Top of Data

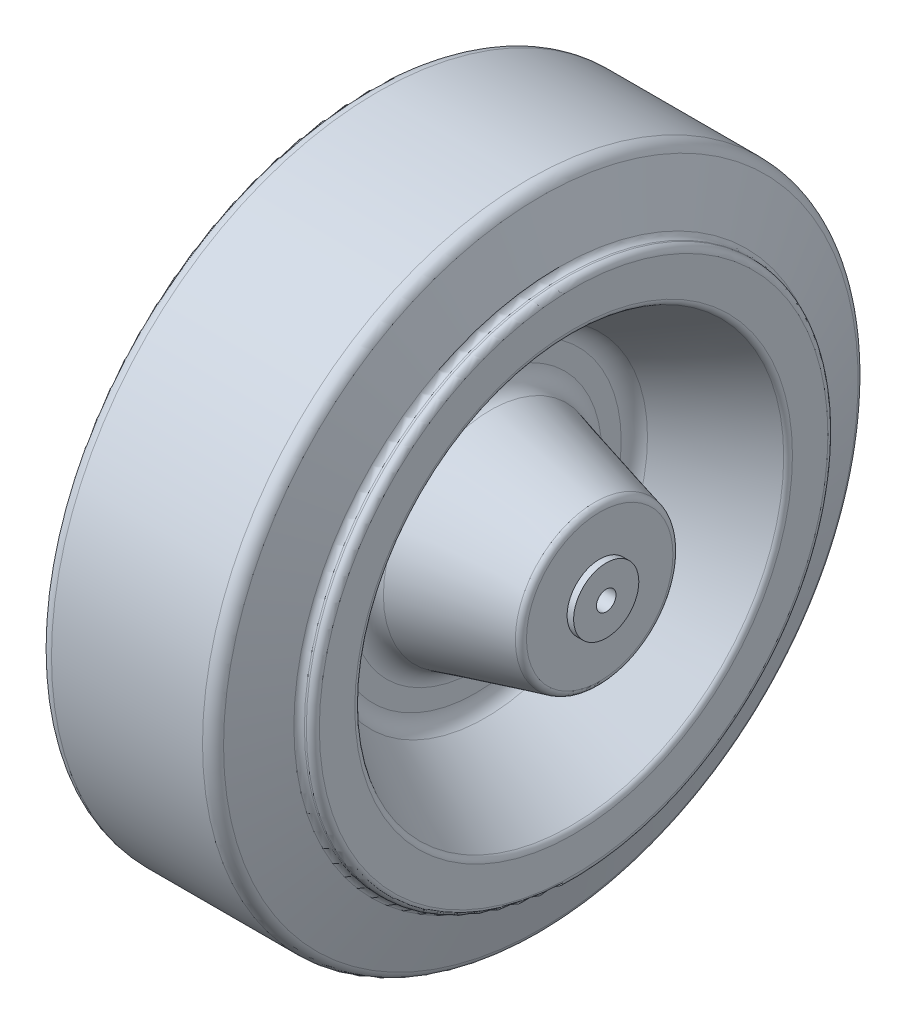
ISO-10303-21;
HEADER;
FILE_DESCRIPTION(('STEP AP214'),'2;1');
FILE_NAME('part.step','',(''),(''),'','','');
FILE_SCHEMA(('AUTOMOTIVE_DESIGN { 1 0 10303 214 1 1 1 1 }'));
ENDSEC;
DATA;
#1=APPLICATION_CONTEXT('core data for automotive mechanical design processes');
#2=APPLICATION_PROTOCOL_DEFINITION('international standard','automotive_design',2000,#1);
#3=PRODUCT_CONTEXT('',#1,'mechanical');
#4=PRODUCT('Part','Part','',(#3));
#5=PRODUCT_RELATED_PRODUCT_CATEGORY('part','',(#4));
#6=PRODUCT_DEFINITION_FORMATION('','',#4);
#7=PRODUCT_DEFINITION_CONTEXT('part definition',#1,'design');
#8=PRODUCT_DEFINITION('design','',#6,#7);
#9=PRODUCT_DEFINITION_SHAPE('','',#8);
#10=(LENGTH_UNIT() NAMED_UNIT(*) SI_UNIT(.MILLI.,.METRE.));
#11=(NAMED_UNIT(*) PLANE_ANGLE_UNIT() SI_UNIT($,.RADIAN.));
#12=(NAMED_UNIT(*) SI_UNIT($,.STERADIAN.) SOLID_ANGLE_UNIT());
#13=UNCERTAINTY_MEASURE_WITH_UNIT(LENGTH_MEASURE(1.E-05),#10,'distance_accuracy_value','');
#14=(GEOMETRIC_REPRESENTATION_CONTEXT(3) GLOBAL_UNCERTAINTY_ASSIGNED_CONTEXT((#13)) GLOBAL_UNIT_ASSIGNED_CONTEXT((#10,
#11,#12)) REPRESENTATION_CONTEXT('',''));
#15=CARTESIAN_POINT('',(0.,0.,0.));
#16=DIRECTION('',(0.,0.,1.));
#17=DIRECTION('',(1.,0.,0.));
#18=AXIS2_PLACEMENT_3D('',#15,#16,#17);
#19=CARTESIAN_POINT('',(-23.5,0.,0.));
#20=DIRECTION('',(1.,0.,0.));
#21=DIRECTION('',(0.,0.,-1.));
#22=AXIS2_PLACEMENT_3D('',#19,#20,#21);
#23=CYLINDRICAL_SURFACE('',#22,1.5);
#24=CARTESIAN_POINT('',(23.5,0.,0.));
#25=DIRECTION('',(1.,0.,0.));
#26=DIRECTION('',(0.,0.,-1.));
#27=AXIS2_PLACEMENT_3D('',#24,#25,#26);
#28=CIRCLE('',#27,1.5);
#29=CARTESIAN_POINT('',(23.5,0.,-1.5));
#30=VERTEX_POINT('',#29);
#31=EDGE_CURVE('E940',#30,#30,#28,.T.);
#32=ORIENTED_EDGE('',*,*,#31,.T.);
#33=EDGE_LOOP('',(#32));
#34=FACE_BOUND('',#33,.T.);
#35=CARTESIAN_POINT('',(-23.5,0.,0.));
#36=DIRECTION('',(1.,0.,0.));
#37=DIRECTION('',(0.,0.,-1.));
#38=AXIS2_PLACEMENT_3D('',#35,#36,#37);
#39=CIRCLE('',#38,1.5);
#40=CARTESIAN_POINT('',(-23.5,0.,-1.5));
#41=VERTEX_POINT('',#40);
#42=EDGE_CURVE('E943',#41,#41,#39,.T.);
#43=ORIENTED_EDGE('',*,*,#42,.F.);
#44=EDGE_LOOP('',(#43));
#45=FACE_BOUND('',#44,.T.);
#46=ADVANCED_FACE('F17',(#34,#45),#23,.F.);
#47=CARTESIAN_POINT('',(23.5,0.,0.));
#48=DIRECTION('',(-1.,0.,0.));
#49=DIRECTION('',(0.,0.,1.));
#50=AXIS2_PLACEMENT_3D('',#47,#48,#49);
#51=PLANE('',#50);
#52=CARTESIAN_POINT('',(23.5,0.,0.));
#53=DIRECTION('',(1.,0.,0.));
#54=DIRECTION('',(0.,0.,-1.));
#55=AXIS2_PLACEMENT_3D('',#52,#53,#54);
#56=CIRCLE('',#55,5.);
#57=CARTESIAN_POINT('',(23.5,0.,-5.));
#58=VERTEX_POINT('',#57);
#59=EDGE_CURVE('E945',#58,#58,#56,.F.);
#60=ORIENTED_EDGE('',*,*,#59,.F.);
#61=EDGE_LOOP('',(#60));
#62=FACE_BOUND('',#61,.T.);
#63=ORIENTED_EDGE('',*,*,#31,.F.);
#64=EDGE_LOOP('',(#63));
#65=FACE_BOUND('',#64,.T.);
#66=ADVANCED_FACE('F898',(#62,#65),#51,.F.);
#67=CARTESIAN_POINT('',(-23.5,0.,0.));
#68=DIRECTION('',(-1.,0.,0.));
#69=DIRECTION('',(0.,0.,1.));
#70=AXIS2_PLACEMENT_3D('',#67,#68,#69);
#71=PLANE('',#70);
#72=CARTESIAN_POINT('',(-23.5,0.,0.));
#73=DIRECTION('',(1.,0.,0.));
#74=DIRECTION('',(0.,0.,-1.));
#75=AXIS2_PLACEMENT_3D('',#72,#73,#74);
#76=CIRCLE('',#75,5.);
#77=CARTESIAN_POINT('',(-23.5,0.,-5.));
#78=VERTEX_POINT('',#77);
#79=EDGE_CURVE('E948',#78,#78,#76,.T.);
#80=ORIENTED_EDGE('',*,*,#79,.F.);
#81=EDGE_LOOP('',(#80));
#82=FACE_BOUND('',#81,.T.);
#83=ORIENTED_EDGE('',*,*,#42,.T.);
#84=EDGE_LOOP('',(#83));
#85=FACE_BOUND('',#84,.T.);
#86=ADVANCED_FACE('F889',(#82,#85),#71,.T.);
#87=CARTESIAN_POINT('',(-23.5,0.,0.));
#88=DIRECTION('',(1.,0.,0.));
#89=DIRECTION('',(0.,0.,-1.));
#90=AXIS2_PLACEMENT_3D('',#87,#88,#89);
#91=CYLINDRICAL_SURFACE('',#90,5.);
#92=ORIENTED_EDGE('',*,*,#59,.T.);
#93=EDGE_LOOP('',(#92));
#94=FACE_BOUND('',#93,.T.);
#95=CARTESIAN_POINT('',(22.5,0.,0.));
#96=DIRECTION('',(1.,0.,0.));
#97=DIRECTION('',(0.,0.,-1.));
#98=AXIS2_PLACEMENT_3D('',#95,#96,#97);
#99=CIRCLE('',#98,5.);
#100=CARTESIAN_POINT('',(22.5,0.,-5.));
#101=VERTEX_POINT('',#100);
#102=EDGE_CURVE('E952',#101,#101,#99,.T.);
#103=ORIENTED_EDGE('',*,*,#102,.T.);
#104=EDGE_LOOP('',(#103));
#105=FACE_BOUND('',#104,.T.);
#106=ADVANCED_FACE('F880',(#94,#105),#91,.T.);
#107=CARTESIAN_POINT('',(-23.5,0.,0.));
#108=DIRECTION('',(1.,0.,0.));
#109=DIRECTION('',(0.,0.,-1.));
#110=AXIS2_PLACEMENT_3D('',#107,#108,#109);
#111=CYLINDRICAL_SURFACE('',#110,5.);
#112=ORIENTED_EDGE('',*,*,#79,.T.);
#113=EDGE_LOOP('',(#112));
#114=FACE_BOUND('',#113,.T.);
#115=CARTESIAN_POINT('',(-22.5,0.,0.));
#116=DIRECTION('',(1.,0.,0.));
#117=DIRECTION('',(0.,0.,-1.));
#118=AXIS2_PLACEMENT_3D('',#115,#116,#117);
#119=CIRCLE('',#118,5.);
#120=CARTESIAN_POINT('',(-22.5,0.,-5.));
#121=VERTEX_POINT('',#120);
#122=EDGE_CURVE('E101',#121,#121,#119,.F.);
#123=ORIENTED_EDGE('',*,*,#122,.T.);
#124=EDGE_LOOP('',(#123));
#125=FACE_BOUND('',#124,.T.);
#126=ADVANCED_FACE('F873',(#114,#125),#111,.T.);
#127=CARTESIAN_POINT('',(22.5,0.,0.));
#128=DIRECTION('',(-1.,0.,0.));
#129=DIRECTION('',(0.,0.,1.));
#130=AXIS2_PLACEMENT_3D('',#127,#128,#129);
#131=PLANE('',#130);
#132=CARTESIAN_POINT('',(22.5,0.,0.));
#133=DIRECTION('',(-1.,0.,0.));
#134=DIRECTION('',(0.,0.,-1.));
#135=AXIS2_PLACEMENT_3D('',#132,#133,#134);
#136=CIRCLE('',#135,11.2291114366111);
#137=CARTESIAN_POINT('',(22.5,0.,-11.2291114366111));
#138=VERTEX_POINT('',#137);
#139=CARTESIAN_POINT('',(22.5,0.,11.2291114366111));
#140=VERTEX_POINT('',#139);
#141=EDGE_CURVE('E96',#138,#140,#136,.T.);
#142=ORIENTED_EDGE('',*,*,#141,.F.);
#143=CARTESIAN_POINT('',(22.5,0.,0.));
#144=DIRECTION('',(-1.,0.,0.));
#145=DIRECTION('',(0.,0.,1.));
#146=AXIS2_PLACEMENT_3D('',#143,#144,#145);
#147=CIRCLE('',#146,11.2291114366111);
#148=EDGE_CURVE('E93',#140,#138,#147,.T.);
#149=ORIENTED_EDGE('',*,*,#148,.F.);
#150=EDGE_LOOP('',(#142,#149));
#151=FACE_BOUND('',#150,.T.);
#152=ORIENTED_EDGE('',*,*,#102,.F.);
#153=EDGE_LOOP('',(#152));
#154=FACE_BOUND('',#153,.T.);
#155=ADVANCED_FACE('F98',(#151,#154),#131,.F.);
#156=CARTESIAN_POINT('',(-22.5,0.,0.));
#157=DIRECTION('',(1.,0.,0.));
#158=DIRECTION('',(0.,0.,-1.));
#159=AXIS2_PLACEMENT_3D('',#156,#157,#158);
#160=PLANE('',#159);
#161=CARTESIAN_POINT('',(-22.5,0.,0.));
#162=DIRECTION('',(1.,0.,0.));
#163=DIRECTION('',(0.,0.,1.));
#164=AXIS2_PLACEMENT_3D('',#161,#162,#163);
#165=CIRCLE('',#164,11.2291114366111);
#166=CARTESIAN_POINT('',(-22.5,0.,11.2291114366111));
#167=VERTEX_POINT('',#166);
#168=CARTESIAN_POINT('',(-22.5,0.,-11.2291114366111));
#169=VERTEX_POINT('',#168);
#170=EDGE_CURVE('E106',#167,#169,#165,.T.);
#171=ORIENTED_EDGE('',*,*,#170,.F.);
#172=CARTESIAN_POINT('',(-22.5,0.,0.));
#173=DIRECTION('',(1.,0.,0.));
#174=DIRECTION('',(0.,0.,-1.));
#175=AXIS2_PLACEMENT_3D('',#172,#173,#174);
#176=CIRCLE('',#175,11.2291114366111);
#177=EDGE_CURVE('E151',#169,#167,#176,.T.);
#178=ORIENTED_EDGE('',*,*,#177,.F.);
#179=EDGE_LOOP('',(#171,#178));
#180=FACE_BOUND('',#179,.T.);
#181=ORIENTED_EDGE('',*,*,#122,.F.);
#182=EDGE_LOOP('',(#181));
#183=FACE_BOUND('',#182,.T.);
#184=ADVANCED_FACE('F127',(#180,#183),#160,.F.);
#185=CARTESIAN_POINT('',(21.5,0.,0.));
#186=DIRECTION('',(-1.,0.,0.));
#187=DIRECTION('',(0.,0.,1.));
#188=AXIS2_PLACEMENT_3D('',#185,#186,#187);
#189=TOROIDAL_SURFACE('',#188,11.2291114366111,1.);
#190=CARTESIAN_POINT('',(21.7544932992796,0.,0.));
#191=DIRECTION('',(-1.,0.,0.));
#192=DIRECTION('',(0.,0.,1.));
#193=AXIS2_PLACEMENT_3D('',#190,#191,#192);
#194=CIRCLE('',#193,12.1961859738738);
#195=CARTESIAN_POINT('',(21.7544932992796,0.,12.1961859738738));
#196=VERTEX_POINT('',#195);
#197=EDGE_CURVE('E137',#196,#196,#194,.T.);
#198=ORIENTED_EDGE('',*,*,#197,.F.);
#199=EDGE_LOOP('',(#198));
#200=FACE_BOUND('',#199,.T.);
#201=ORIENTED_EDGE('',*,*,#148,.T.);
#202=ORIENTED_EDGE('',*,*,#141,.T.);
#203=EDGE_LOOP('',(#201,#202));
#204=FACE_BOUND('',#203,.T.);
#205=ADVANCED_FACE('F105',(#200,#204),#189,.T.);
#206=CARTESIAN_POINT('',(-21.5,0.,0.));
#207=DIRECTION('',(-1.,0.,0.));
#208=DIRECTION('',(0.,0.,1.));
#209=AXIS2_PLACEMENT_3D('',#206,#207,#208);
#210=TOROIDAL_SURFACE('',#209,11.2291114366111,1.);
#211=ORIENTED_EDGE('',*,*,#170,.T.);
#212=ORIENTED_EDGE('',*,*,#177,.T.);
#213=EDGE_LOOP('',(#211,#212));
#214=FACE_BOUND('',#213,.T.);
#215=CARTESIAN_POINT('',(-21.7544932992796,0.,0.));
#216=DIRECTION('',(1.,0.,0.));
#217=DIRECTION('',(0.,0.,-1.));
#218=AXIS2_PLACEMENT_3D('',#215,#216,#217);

Bottom of Data

#### Exercise objective:
All that belongs in your answer is the stretch of entries above from the line with "#143=CARTESIAN_POINT('',(22.5,0.,0.));" through the line with "#169=VERTEX_POINT('',#168);", printed exactly.

#### Response below:
#143=CARTESIAN_POINT('',(22.5,0.,0.));
#144=DIRECTION('',(-1.,0.,0.));
#145=DIRECTION('',(0.,0.,1.));
#146=AXIS2_PLACEMENT_3D('',#143,#144,#145);
#147=CIRCLE('',#146,11.2291114366111);
#148=EDGE_CURVE('E93',#140,#138,#147,.T.);
#149=ORIENTED_EDGE('',*,*,#148,.F.);
#150=EDGE_LOOP('',(#142,#149));
#151=FACE_BOUND('',#150,.T.);
#152=ORIENTED_EDGE('',*,*,#102,.F.);
#153=EDGE_LOOP('',(#152));
#154=FACE_BOUND('',#153,.T.);
#155=ADVANCED_FACE('F98',(#151,#154),#131,.F.);
#156=CARTESIAN_POINT('',(-22.5,0.,0.));
#157=DIRECTION('',(1.,0.,0.));
#158=DIRECTION('',(0.,0.,-1.));
#159=AXIS2_PLACEMENT_3D('',#156,#157,#158);
#160=PLANE('',#159);
#161=CARTESIAN_POINT('',(-22.5,0.,0.));
#162=DIRECTION('',(1.,0.,0.));
#163=DIRECTION('',(0.,0.,1.));
#164=AXIS2_PLACEMENT_3D('',#161,#162,#163);
#165=CIRCLE('',#164,11.2291114366111);
#166=CARTESIAN_POINT('',(-22.5,0.,11.2291114366111));
#167=VERTEX_POINT('',#166);
#168=CARTESIAN_POINT('',(-22.5,0.,-11.2291114366111));
#169=VERTEX_POINT('',#168);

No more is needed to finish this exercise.